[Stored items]
+---+

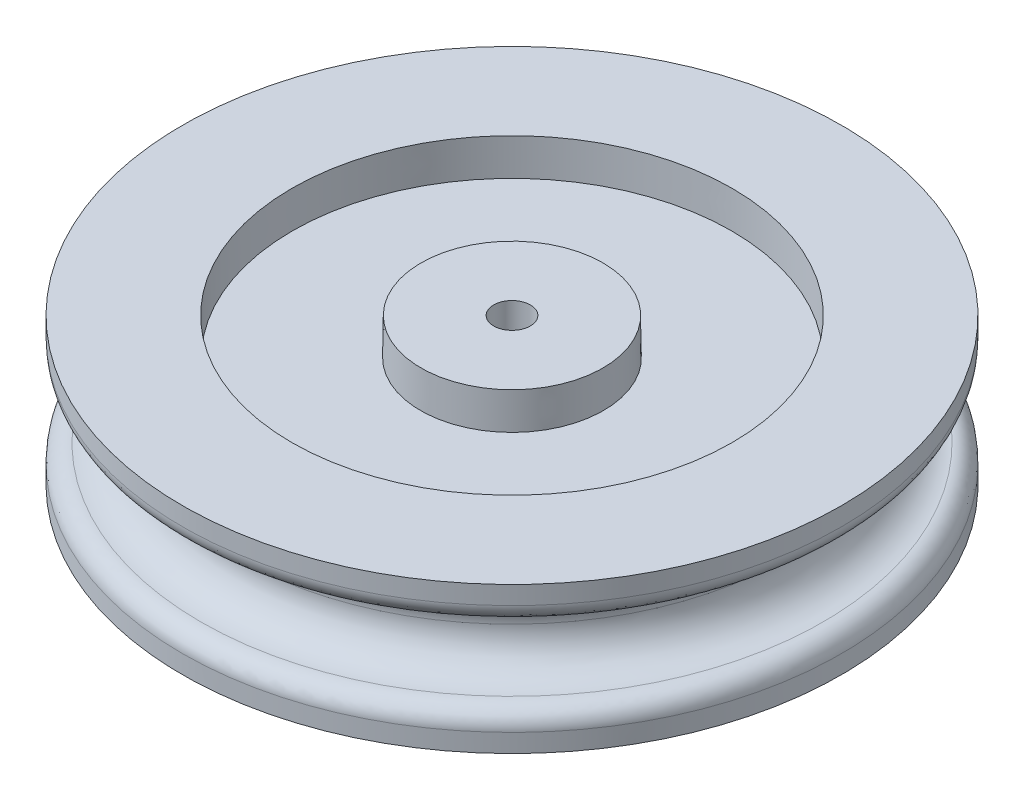
ISO-10303-21;
HEADER;
FILE_DESCRIPTION(('STEP AP214'),'2;1');
FILE_NAME('part.step','',(''),(''),'','','');
FILE_SCHEMA(('AUTOMOTIVE_DESIGN { 1 0 10303 214 1 1 1 1 }'));
ENDSEC;
DATA;
#1=APPLICATION_CONTEXT('core data for automotive mechanical design processes');
#2=APPLICATION_PROTOCOL_DEFINITION('international standard','automotive_design',2000,#1);
#3=PRODUCT_CONTEXT('',#1,'mechanical');
#4=PRODUCT('Part','Part','',(#3));
#5=PRODUCT_RELATED_PRODUCT_CATEGORY('part','',(#4));
#6=PRODUCT_DEFINITION_FORMATION('','',#4);
#7=PRODUCT_DEFINITION_CONTEXT('part definition',#1,'design');
#8=PRODUCT_DEFINITION('design','',#6,#7);
#9=PRODUCT_DEFINITION_SHAPE('','',#8);
#10=(LENGTH_UNIT() NAMED_UNIT(*) SI_UNIT(.MILLI.,.METRE.));
#11=(NAMED_UNIT(*) PLANE_ANGLE_UNIT() SI_UNIT($,.RADIAN.));
#12=(NAMED_UNIT(*) SI_UNIT($,.STERADIAN.) SOLID_ANGLE_UNIT());
#13=UNCERTAINTY_MEASURE_WITH_UNIT(LENGTH_MEASURE(1.E-05),#10,'distance_accuracy_value','');
#14=(GEOMETRIC_REPRESENTATION_CONTEXT(3) GLOBAL_UNCERTAINTY_ASSIGNED_CONTEXT((#13)) GLOBAL_UNIT_ASSIGNED_CONTEXT((#10,
#11,#12)) REPRESENTATION_CONTEXT('',''));
#15=CARTESIAN_POINT('',(0.,0.,0.));
#16=DIRECTION('',(0.,0.,1.));
#17=DIRECTION('',(1.,0.,0.));
#18=AXIS2_PLACEMENT_3D('',#15,#16,#17);
#19=CARTESIAN_POINT('',(0.,-1.2,0.));
#20=DIRECTION('',(0.,-1.,0.));
#21=DIRECTION('',(0.,0.,-1.));
#22=AXIS2_PLACEMENT_3D('',#19,#20,#21);
#23=CONICAL_SURFACE('',#22,1.,0.785398163397448);
#24=CARTESIAN_POINT('',(0.,-1.2,0.));
#25=DIRECTION('',(0.,-1.,0.));
#26=DIRECTION('',(0.,0.,-1.));
#27=AXIS2_PLACEMENT_3D('',#24,#25,#26);
#28=CIRCLE('',#27,1.);
#29=CARTESIAN_POINT('',(0.,-1.2,-1.));
#30=VERTEX_POINT('',#29);
#31=EDGE_CURVE('E42',#30,#30,#28,.T.);
#32=ORIENTED_EDGE('',*,*,#31,.F.);
#33=EDGE_LOOP('',(#32));
#34=FACE_BOUND('',#33,.T.);
#35=CARTESIAN_POINT('',(0.,-1.49999999999995,0.));
#36=DIRECTION('',(0.,-1.,0.));
#37=DIRECTION('',(0.,0.,-1.));
#38=AXIS2_PLACEMENT_3D('',#35,#36,#37);
#39=CIRCLE('',#38,1.29999999999995);
#40=CARTESIAN_POINT('',(0.,-1.49999999999995,-1.29999999999995));
#41=VERTEX_POINT('',#40);
#42=EDGE_CURVE('E18',#41,#41,#39,.F.);
#43=ORIENTED_EDGE('',*,*,#42,.F.);
#44=EDGE_LOOP('',(#43));
#45=FACE_BOUND('',#44,.T.);
#46=ADVANCED_FACE('F15',(#34,#45),#23,.F.);
#47=CARTESIAN_POINT('',(0.,2.7,0.));
#48=DIRECTION('',(0.,-1.,0.));
#49=DIRECTION('',(0.,0.,-1.));
#50=AXIS2_PLACEMENT_3D('',#47,#48,#49);
#51=CYLINDRICAL_SURFACE('',#50,1.);
#52=CARTESIAN_POINT('',(0.,2.7,0.));
#53=DIRECTION('',(0.,-1.,0.));
#54=DIRECTION('',(0.,0.,-1.));
#55=AXIS2_PLACEMENT_3D('',#52,#53,#54);
#56=CIRCLE('',#55,1.);
#57=CARTESIAN_POINT('',(0.,2.7,-1.));
#58=VERTEX_POINT('',#57);
#59=EDGE_CURVE('E77',#58,#58,#56,.T.);
#60=ORIENTED_EDGE('',*,*,#59,.F.);
#61=EDGE_LOOP('',(#60));
#62=FACE_BOUND('',#61,.T.);
#63=ORIENTED_EDGE('',*,*,#31,.T.);
#64=EDGE_LOOP('',(#63));
#65=FACE_BOUND('',#64,.T.);
#66=ADVANCED_FACE('F88',(#62,#65),#51,.F.);
#67=CARTESIAN_POINT('',(0.,-1.5,0.));
#68=DIRECTION('',(0.,-1.,0.));
#69=DIRECTION('',(0.,0.,-1.));
#70=AXIS2_PLACEMENT_3D('',#67,#68,#69);
#71=PLANE('',#70);
#72=ORIENTED_EDGE('',*,*,#42,.T.);
#73=EDGE_LOOP('',(#72));
#74=FACE_BOUND('',#73,.T.);
#75=CARTESIAN_POINT('',(0.,-1.49999999999995,0.));
#76=DIRECTION('',(0.,1.,0.));
#77=DIRECTION('',(0.,0.,1.));
#78=AXIS2_PLACEMENT_3D('',#75,#76,#77);
#79=CIRCLE('',#78,2.465091146);
#80=CARTESIAN_POINT('',(0.,-1.49999999999995,2.465091146));
#81=VERTEX_POINT('',#80);
#82=EDGE_CURVE('E75',#81,#81,#79,.T.);
#83=ORIENTED_EDGE('',*,*,#82,.F.);
#84=EDGE_LOOP('',(#83));
#85=FACE_BOUND('',#84,.T.);
#86=ADVANCED_FACE('F84',(#74,#85),#71,.T.);
#87=CARTESIAN_POINT('',(0.,2.7,0.));
#88=DIRECTION('',(0.,1.,0.));
#89=DIRECTION('',(0.,0.,1.));
#90=AXIS2_PLACEMENT_3D('',#87,#88,#89);
#91=PLANE('',#90);
#92=CARTESIAN_POINT('',(0.,2.7,0.));
#93=DIRECTION('',(0.,1.,0.));
#94=DIRECTION('',(0.,0.,1.));
#95=AXIS2_PLACEMENT_3D('',#92,#93,#94);
#96=CIRCLE('',#95,0.5);
#97=CARTESIAN_POINT('',(0.,2.7,0.5));
#98=VERTEX_POINT('',#97);
#99=EDGE_CURVE('E72',#98,#98,#96,.F.);
#100=ORIENTED_EDGE('',*,*,#99,.F.);
#101=EDGE_LOOP('',(#100));
#102=FACE_BOUND('',#101,.T.);
#103=ORIENTED_EDGE('',*,*,#59,.T.);
#104=EDGE_LOOP('',(#103));
#105=FACE_BOUND('',#104,.T.);
#106=ADVANCED_FACE('F184',(#102,#105),#91,.F.);
#107=CARTESIAN_POINT('',(0.,1.,0.));
#108=DIRECTION('',(0.,1.,0.));
#109=DIRECTION('',(0.,0.,1.));
#110=AXIS2_PLACEMENT_3D('',#107,#108,#109);
#111=CONICAL_SURFACE('',#110,2.5,0.0139626341667435);
#112=CARTESIAN_POINT('',(0.,1.,0.));
#113=DIRECTION('',(0.,1.,0.));
#114=DIRECTION('',(0.,0.,1.));
#115=AXIS2_PLACEMENT_3D('',#112,#113,#114);
#116=CIRCLE('',#115,2.5);
#117=CARTESIAN_POINT('',(0.,1.,2.5));
#118=VERTEX_POINT('',#117);
#119=EDGE_CURVE('E69',#118,#118,#116,.T.);
#120=ORIENTED_EDGE('',*,*,#119,.F.);
#121=EDGE_LOOP('',(#120));
#122=FACE_BOUND('',#121,.T.);
#123=ORIENTED_EDGE('',*,*,#82,.T.);
#124=EDGE_LOOP('',(#123));
#125=FACE_BOUND('',#124,.T.);
#126=ADVANCED_FACE('F180',(#122,#125),#111,.T.);
#127=CARTESIAN_POINT('',(0.,2.7,0.));
#128=DIRECTION('',(0.,1.,0.));
#129=DIRECTION('',(0.,0.,1.));
#130=AXIS2_PLACEMENT_3D('',#127,#128,#129);
#131=CYLINDRICAL_SURFACE('',#130,0.5);
#132=CARTESIAN_POINT('',(0.,4.,0.));
#133=DIRECTION('',(0.,1.,0.));
#134=DIRECTION('',(0.,0.,1.));
#135=AXIS2_PLACEMENT_3D('',#132,#133,#134);
#136=CIRCLE('',#135,0.5);
#137=CARTESIAN_POINT('',(0.,4.,0.5));
#138=VERTEX_POINT('',#137);
#139=EDGE_CURVE('E66',#138,#138,#136,.F.);
#140=ORIENTED_EDGE('',*,*,#139,.F.);
#141=EDGE_LOOP('',(#140));
#142=FACE_BOUND('',#141,.T.);
#143=ORIENTED_EDGE('',*,*,#99,.T.);
#144=EDGE_LOOP('',(#143));
#145=FACE_BOUND('',#144,.T.);
#146=ADVANCED_FACE('F176',(#142,#145),#131,.F.);
#147=CARTESIAN_POINT('',(0.,1.,-2.5));
#148=DIRECTION('',(0.,-1.,0.));
#149=DIRECTION('',(0.,0.,-1.));
#150=AXIS2_PLACEMENT_3D('',#147,#148,#149);
#151=PLANE('',#150);
#152=ORIENTED_EDGE('',*,*,#119,.T.);
#153=EDGE_LOOP('',(#152));
#154=FACE_BOUND('',#153,.T.);
#155=CARTESIAN_POINT('',(0.,0.99999999999989,0.));
#156=DIRECTION('',(0.,-1.,0.));
#157=DIRECTION('',(0.,0.,-1.));
#158=AXIS2_PLACEMENT_3D('',#155,#156,#157);
#159=CIRCLE('',#158,6.);
#160=CARTESIAN_POINT('',(0.,0.99999999999989,-6.));
#161=VERTEX_POINT('',#160);
#162=EDGE_CURVE('E63',#161,#161,#159,.F.);
#163=ORIENTED_EDGE('',*,*,#162,.F.);
#164=EDGE_LOOP('',(#163));
#165=FACE_BOUND('',#164,.T.);
#166=ADVANCED_FACE('F172',(#154,#165),#151,.T.);
#167=CARTESIAN_POINT('',(0.,4.,-2.5));
#168=DIRECTION('',(0.,1.,0.));
#169=DIRECTION('',(0.,0.,1.));
#170=AXIS2_PLACEMENT_3D('',#167,#168,#169);
#171=PLANE('',#170);
#172=ORIENTED_EDGE('',*,*,#139,.T.);
#173=EDGE_LOOP('',(#172));
#174=FACE_BOUND('',#173,.T.);
#175=CARTESIAN_POINT('',(0.,4.,0.));
#176=DIRECTION('',(0.,-1.,0.));
#177=DIRECTION('',(0.,0.,-1.));
#178=AXIS2_PLACEMENT_3D('',#175,#176,#177);
#179=CIRCLE('',#178,2.486036459);
#180=CARTESIAN_POINT('',(0.,4.,-2.486036459));
#181=VERTEX_POINT('',#180);
#182=EDGE_CURVE('E60',#181,#181,#179,.T.);
#183=ORIENTED_EDGE('',*,*,#182,.F.);
#184=EDGE_LOOP('',(#183));
#185=FACE_BOUND('',#184,.T.);
#186=ADVANCED_FACE('F168',(#174,#185),#171,.T.);
#187=CARTESIAN_POINT('',(0.,1.,0.));
#188=DIRECTION('',(0.,-1.,0.));
#189=DIRECTION('',(0.,0.,-1.));
#190=AXIS2_PLACEMENT_3D('',#187,#188,#189);
#191=CONICAL_SURFACE('',#190,6.,0.0139626335668602);
#192=CARTESIAN_POINT('',(0.,0.,0.));
#193=DIRECTION('',(0.,-1.,0.));
#194=DIRECTION('',(0.,0.,-1.));
#195=AXIS2_PLACEMENT_3D('',#192,#193,#194);
#196=CIRCLE('',#195,6.013963541);
#197=CARTESIAN_POINT('',(0.,0.,-6.013963541));
#198=VERTEX_POINT('',#197);
#199=EDGE_CURVE('E57',#198,#198,#196,.F.);
#200=ORIENTED_EDGE('',*,*,#199,.F.);
#201=EDGE_LOOP('',(#200));
#202=FACE_BOUND('',#201,.T.);
#203=ORIENTED_EDGE('',*,*,#162,.T.);
#204=EDGE_LOOP('',(#203));
#205=FACE_BOUND('',#204,.T.);
#206=ADVANCED_FACE('F164',(#202,#205),#191,.F.);
#207=CARTESIAN_POINT('',(0.,3.,0.));
#208=DIRECTION('',(0.,-1.,0.));
#209=DIRECTION('',(0.,0.,-1.));
#210=AXIS2_PLACEMENT_3D('',#207,#208,#209);
#211=CONICAL_SURFACE('',#210,2.5,0.0139626335668606);
#212=ORIENTED_EDGE('',*,*,#182,.T.);
#213=EDGE_LOOP('',(#212));
#214=FACE_BOUND('',#213,.T.);
#215=CARTESIAN_POINT('',(0.,2.99999999999989,0.));
#216=DIRECTION('',(0.,-1.,0.));
#217=DIRECTION('',(0.,0.,-1.));
#218=AXIS2_PLACEMENT_3D('',#215,#216,#217);
#219=CIRCLE('',#218,2.5);
#220=CARTESIAN_POINT('',(0.,2.99999999999989,-2.5));
#221=VERTEX_POINT('',#220);
#222=EDGE_CURVE('E54',#221,#221,#219,.T.);
#223=ORIENTED_EDGE('',*,*,#222,.F.);
#224=EDGE_LOOP('',(#223));
#225=FACE_BOUND('',#224,.T.);
#226=ADVANCED_FACE('F160',(#214,#225),#211,.T.);
#227=CARTESIAN_POINT('',(0.,0.,-6.));
#228=DIRECTION('',(0.,-1.,0.));
#229=DIRECTION('',(0.,0.,-1.));
#230=AXIS2_PLACEMENT_3D('',#227,#228,#229);
#231=PLANE('',#230);
#232=ORIENTED_EDGE('',*,*,#199,.T.);
#233=EDGE_LOOP('',(#232));
#234=FACE_BOUND('',#233,.T.);
#235=CARTESIAN_POINT('',(0.,0.,0.));
#236=DIRECTION('',(0.,-1.,0.));
#237=DIRECTION('',(0.,0.,-1.));
#238=AXIS2_PLACEMENT_3D('',#235,#236,#237);
#239=CIRCLE('',#238,9.);
#240=CARTESIAN_POINT('',(0.,0.,-9.));
#241=VERTEX_POINT('',#240);
#242=EDGE_CURVE('E51',#241,#241,#239,.F.);
#243=ORIENTED_EDGE('',*,*,#242,.F.);
#244=EDGE_LOOP('',(#243));
#245=FACE_BOUND('',#244,.T.);
#246=ADVANCED_FACE('F156',(#234,#245),#231,.T.);
#247=CARTESIAN_POINT('',(0.,3.,-6.));
#248=DIRECTION('',(0.,1.,0.));
#249=DIRECTION('',(0.,0.,1.));
#250=AXIS2_PLACEMENT_3D('',#247,#248,#249);
#251=PLANE('',#250);
#252=ORIENTED_EDGE('',*,*,#222,.T.);
#253=EDGE_LOOP('',(#252));
#254=FACE_BOUND('',#253,.T.);
#255=CARTESIAN_POINT('',(0.,3.,0.));
#256=DIRECTION('',(0.,1.,0.));
#257=DIRECTION('',(0.,0.,1.));
#258=AXIS2_PLACEMENT_3D('',#255,#256,#257);
#259=CIRCLE('',#258,6.);
#260=CARTESIAN_POINT('',(0.,3.,6.));
#261=VERTEX_POINT('',#260);
#262=EDGE_CURVE('E38',#261,#261,#259,.F.);
#263=ORIENTED_EDGE('',*,*,#262,.F.);
#264=EDGE_LOOP('',(#263));
#265=FACE_BOUND('',#264,.T.);
#266=ADVANCED_FACE('F152',(#254,#265),#251,.T.);
#267=CARTESIAN_POINT('',(0.,0.,0.));
#268=DIRECTION('',(0.,-1.,0.));
#269=DIRECTION('',(0.,0.,-1.));
#270=AXIS2_PLACEMENT_3D('',#267,#268,#269);
#271=CYLINDRICAL_SURFACE('',#270,9.);
#272=CARTESIAN_POINT('',(0.,0.500000000000002,0.));
#273=DIRECTION('',(0.,1.,0.));
#274=DIRECTION('',(0.,0.,1.));
#275=AXIS2_PLACEMENT_3D('',#272,#273,#274);
#276=CIRCLE('',#275,9.);
#277=CARTESIAN_POINT('',(0.,0.500000000000002,9.));
#278=VERTEX_POINT('',#277);
#279=EDGE_CURVE('E34',#278,#278,#276,.T.);
#280=ORIENTED_EDGE('',*,*,#279,.F.);
#281=EDGE_LOOP('',(#280));
#282=FACE_BOUND('',#281,.T.);
#283=ORIENTED_EDGE('',*,*,#242,.T.);
#284=EDGE_LOOP('',(#283));
#285=FACE_BOUND('',#284,.T.);
#286=ADVANCED_FACE('F148',(#282,#285),#271,.T.);
#287=CARTESIAN_POINT('',(0.,3.,0.));
#288=DIRECTION('',(0.,1.,0.));
#289=DIRECTION('',(0.,0.,1.));
#290=AXIS2_PLACEMENT_3D('',#287,#288,#289);
#291=CONICAL_SURFACE('',#290,6.,0.0139626335668602);
#292=ORIENTED_EDGE('',*,*,#262,.T.);
#293=EDGE_LOOP('',(#292));
#294=FACE_BOUND('',#293,.T.);
#295=CARTESIAN_POINT('',(0.,3.99999999999989,0.));
#296=DIRECTION('',(0.,1.,0.));
#297=DIRECTION('',(0.,0.,1.));
#298=AXIS2_PLACEMENT_3D('',#295,#296,#297);
#299=CIRCLE('',#298,6.013963541);
#300=CARTESIAN_POINT('',(0.,3.99999999999989,6.013963541));
#301=VERTEX_POINT('',#300);
#302=EDGE_CURVE('E37',#301,#301,#299,.F.);
#303=ORIENTED_EDGE('',*,*,#302,.F.);
#304=EDGE_LOOP('',(#303));
#305=FACE_BOUND('',#304,.T.);
#306=ADVANCED_FACE('F144',(#294,#305),#291,.F.);
#307=CARTESIAN_POINT('',(0.,1.,8.5));
#308=CARTESIAN_POINT('',(0.,1.,8.79289321881345));
#309=CARTESIAN_POINT('',(0.,0.792893218813454,9.));
#310=CARTESIAN_POINT('',(0.,0.500000000000002,9.));
#311=(BOUNDED_CURVE() B_SPLINE_CURVE(3,(#307,#308,#309,#310),.UNSPECIFIED.,.F.,
.F.) B_SPLINE_CURVE_WITH_KNOTS((4,4),(0.,1.),
.UNSPECIFIED.) CURVE() GEOMETRIC_REPRESENTATION_ITEM() RATIONAL_B_SPLINE_CURVE((1.,
0.804737854124365,0.804737854124365,1.)) REPRESENTATION_ITEM(''));
#312=CARTESIAN_POINT('',(0.,0.5,0.));
#313=DIRECTION('',(0.,1.,0.));
#314=AXIS1_PLACEMENT('',#312,#313);
#315=SURFACE_OF_REVOLUTION('',#311,#314);
#316=ORIENTED_EDGE('',*,*,#279,.T.);
#317=EDGE_LOOP('',(#316));
#318=FACE_BOUND('',#317,.T.);
#319=CARTESIAN_POINT('',(0.,0.999999999999999,0.));
#320=DIRECTION('',(0.,1.,0.));
#321=DIRECTION('',(0.,0.,1.));
#322=AXIS2_PLACEMENT_3D('',#319,#320,#321);
#323=CIRCLE('',#322,8.5);
#324=CARTESIAN_POINT('',(0.,0.999999999999999,8.5));
#325=VERTEX_POINT('',#324);
#326=EDGE_CURVE('E39',#325,#325,#323,.T.);
#327=ORIENTED_EDGE('',*,*,#326,.F.);
#328=EDGE_LOOP('',(#327));
#329=FACE_BOUND('',#328,.T.);
#330=ADVANCED_FACE('F140',(#318,#329),#315,.F.);
#331=CARTESIAN_POINT('',(0.,4.,-9.));
#332=DIRECTION('',(0.,1.,0.));
#333=DIRECTION('',(0.,0.,1.));
#334=AXIS2_PLACEMENT_3D('',#331,#332,#333);
#335=PLANE('',#334);
#336=ORIENTED_EDGE('',*,*,#302,.T.);
#337=EDGE_LOOP('',(#336));
#338=FACE_BOUND('',#337,.T.);
#339=CARTESIAN_POINT('',(0.,4.,0.));
#340=DIRECTION('',(0.,-1.,0.));
#341=DIRECTION('',(1.,0.,0.));
#342=AXIS2_PLACEMENT_3D('',#339,#340,#341);
#343=CIRCLE('',#342,9.);
#344=CARTESIAN_POINT('',(9.,4.,0.));
#345=VERTEX_POINT('',#344);
#346=EDGE_CURVE('E33',#345,#345,#343,.T.);
#347=ORIENTED_EDGE('',*,*,#346,.F.);
#348=EDGE_LOOP('',(#347));
#349=FACE_BOUND('',#348,.T.);
#350=ADVANCED_FACE('F136',(#338,#349),#335,.T.);
#351=CARTESIAN_POINT('',(0.,1.99999999999999,7.5));
#352=CARTESIAN_POINT('',(0.,1.41421356237309,7.5));
#353=CARTESIAN_POINT('',(0.,0.999999999999995,7.9142135623731));
#354=CARTESIAN_POINT('',(0.,0.999999999999999,8.5));
#355=(BOUNDED_CURVE() B_SPLINE_CURVE(3,(#351,#352,#353,#354),.UNSPECIFIED.,.F.,
.F.) B_SPLINE_CURVE_WITH_KNOTS((4,4),(0.,1.),
.UNSPECIFIED.) CURVE() GEOMETRIC_REPRESENTATION_ITEM() RATIONAL_B_SPLINE_CURVE((1.,
0.804737854124365,0.804737854124365,1.)) REPRESENTATION_ITEM(''));
#356=CARTESIAN_POINT('',(0.,2.,0.));
#357=DIRECTION('',(0.,1.,0.));
#358=AXIS1_PLACEMENT('',#356,#357);
#359=SURFACE_OF_REVOLUTION('',#355,#358);
#360=ORIENTED_EDGE('',*,*,#326,.T.);
#361=EDGE_LOOP('',(#360));
#362=FACE_BOUND('',#361,.T.);
#363=CARTESIAN_POINT('',(0.,2.,0.));
#364=DIRECTION('',(0.,-1.,0.));
#365=DIRECTION('',(0.,0.,-1.));
#366=AXIS2_PLACEMENT_3D('',#363,#364,#365);
#367=CIRCLE('',#366,7.5);
#368=CARTESIAN_POINT('',(0.,2.,-7.5));
#369=VERTEX_POINT('',#368);
#370=EDGE_CURVE('E27',#369,#369,#367,.F.);
#371=ORIENTED_EDGE('',*,*,#370,.F.);
#372=EDGE_LOOP('',(#371));
#373=FACE_BOUND('',#372,.T.);
#374=ADVANCED_FACE('F133',(#362,#373),#359,.F.);
#375=CARTESIAN_POINT('',(0.,3.5,0.));
#376=DIRECTION('',(0.,-1.,0.));
#377=DIRECTION('',(1.,0.,0.));
#378=AXIS2_PLACEMENT_3D('',#375,#376,#377);
#379=CYLINDRICAL_SURFACE('',#378,9.);
#380=ORIENTED_EDGE('',*,*,#346,.T.);
#381=EDGE_LOOP('',(#380));
#382=FACE_BOUND('',#381,.T.);
#383=CARTESIAN_POINT('',(0.,3.5,0.));
#384=DIRECTION('',(0.,-1.,0.));
#385=DIRECTION('',(0.,0.,-1.));
#386=AXIS2_PLACEMENT_3D('',#383,#384,#385);
#387=CIRCLE('',#386,9.);
#388=CARTESIAN_POINT('',(0.,3.5,-9.));
#389=VERTEX_POINT('',#388);
#390=EDGE_CURVE('E22',#389,#389,#387,.T.);
#391=ORIENTED_EDGE('',*,*,#390,.F.);
#392=EDGE_LOOP('',(#391));
#393=FACE_BOUND('',#392,.T.);
#394=ADVANCED_FACE('F104',(#382,#393),#379,.T.);
#395=CARTESIAN_POINT('',(0.,2.,-7.5));
#396=CARTESIAN_POINT('',(0.,2.5857864376269,-7.5));
#397=CARTESIAN_POINT('',(0.,3.,-7.9142135623731));
#398=CARTESIAN_POINT('',(0.,3.,-8.5));
#399=(BOUNDED_CURVE() B_SPLINE_CURVE(3,(#395,#396,#397,#398),.UNSPECIFIED.,.F.,
.F.) B_SPLINE_CURVE_WITH_KNOTS((4,4),(0.,1.),
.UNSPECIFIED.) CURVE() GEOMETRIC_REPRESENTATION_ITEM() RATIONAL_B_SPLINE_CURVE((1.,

+---+

Go through the records above, find every line with the word "mechanical", and list those lines.

EXERCISE RESPONSE:
#1=APPLICATION_CONTEXT('core data for automotive mechanical design processes');
#3=PRODUCT_CONTEXT('',#1,'mechanical');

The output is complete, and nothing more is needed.